# Video Clips and Stills from Marty's 2013



## rhyman (Apr 19, 2009)

Here are a few video clips and stills from Marty’s 2013 get-together. The quality isn’t that great, but it will give you a feel for what was there to see and run. This is only a small sampling of the great models and wonderful folks that were there. 
http://youtu.be/9bATDPXdglA


----------



## bf2468 (Jun 24, 2013)

Looked good to me ... Thanks for posting it.


----------



## tmejia (Jan 2, 2008)

That was outstanding








Thanks

Tommy








Rio Gracie


----------



## Treeman (Jan 6, 2008)

Good job Bob!!!


----------



## Gary Armitstead (Jan 2, 2008)

Very nice indeed!







Thanks for posting.


----------



## noelw (Jan 2, 2008)

Posted By rhyman on 30 Sep 2013 08:18 PM 


Here are a few video clips and stills from Marty’s 2013 get-together.

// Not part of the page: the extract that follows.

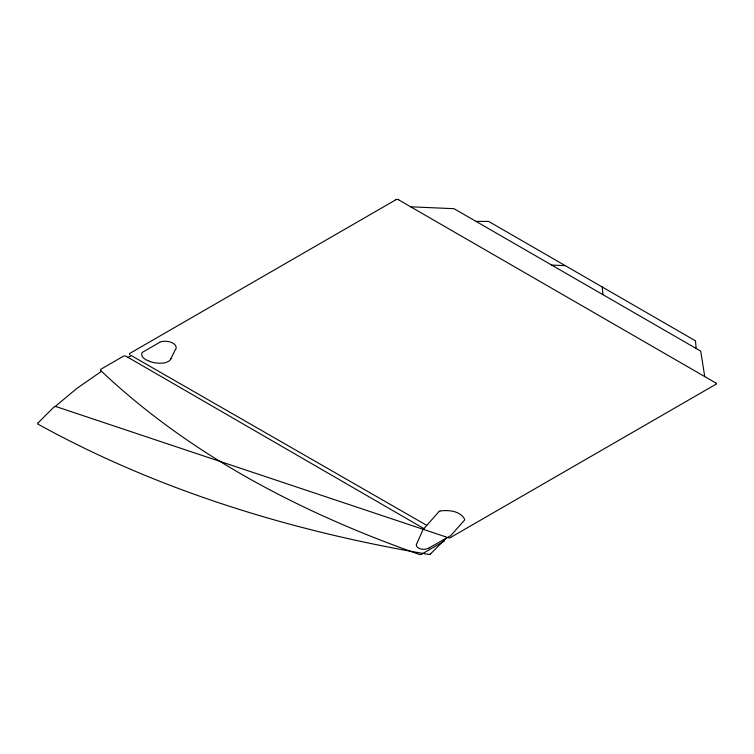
<?xml version="1.0" encoding="UTF-8"?>
<svg xmlns="http://www.w3.org/2000/svg" width="754" height="754" viewBox="0 0 754 754"><rect width="100%" height="100%" fill="white"/><g stroke="black" fill="none" stroke-linecap="round" stroke-linejoin="round"><path stroke-width="1.13" d="M141.837 352.929C140.536 357.49 145.937 359.988 149.386 361.223M416.434 544.426L423.022 529.647L439.045 511.532M170.988 358.527L175.484 349.366M423.852 528.554L126.125 356.256A1.97 1.14 0 0 0 123.345 356.237L100.998 369.158A2.026 1.169 0 0 0 100.574 369.403M464.568 520.1L450.788 535.585L428.875 548.064M38.011 422.966L53.826 407.16A1.942 1.122 0 0 1 55.004 406.632A1.989 1.15 0 0 1 56.503 406.755L445.444 536.754M430.6 553.832L446.151 538.281M55.004 406.632L76.927 388.367L101.526 371.307C191.346 456.123 303.4 513.681 419.177 554.388A2.026 1.169 0 0 0 421.618 554.265M128.095 357.396L131.253 355.568L426.736 525.359M395.812 199.81L130.008 353.277A1.96 1.131 0 0 0 129.528 353.701M142.374 352.335L159.791 342.278M421.552 554.228L443.541 541.532M450.572 537.47L715.612 384.446M440.289 510.958C448.856 509.817 460.119 510.901 464.718 519.317M476 221.374L488.639 221.412L695.461 340.817L696.168 348.489M551.749 265.106L565.227 265.634M410.666 206.803L454.04 208.698L700.702 351.11L704.754 376.595M428.376 554.35C292.806 531.457 159.103 490.948 38.35 424.342M398.555 199.81L715.612 382.862M100.716 370.534L101.526 371.307M602.22 286.991L602.936 294.654M439.262 511.335A1.951 1.122 0 0 1 439.921 511.033M160.187 341.948A11.056 6.381 0 0 1 172.157 342.74A11.056 6.381 0 0 1 175.767 349.385M149.32 361.279A18.944 10.942 0 0 0 164.504 362.91A10.773 6.22 0 0 0 171.111 358.536M716.319 383.974A2.13 1.235 0 0 1 715.753 384.531M715.753 382.787A2.13 1.235 0 0 1 716.319 383.343M450.713 537.555A2.13 1.235 0 0 1 447.688 537.555M444.238 541.061A2.13 1.235 0 0 1 443.682 541.617M443.682 539.864A2.13 1.235 0 0 1 444.238 540.42M100.64 370.563A2.026 1.169 0 0 1 100.489 370.384M129.999 354.861A1.96 1.131 0 0 1 129.537 354.437M395.661 199.725A2.13 1.235 0 0 1 398.696 199.725M428.903 548.083A7.399 4.27 0 0 1 420.374 548.837A7.399 4.27 0 0 1 416.397 544.416M446.604 537.866A2.13 1.235 0 0 1 446.321 538.337M445.539 536.65A2.13 1.235 0 0 1 446.462 537.263M430.685 553.86A2.026 1.169 0 0 1 428.347 554.397M38.284 424.379A2.026 1.169 0 0 1 37.898 424.078M37.794 423.098A2.026 1.169 0 0 1 37.926 422.947"/></g></svg>

The quality isn’t that great, but it will give you a feel for what was there to see and run. This is only a small sampling of the great models and wonderful folks that were there. 

Just another way to show. 

Tk's for post the video.. Nice to see like being right there.


----------



## jake3404 (Dec 3, 2010)

That Santa Fe Train is beautiful. How long does it take the owner to polish that thing???


----------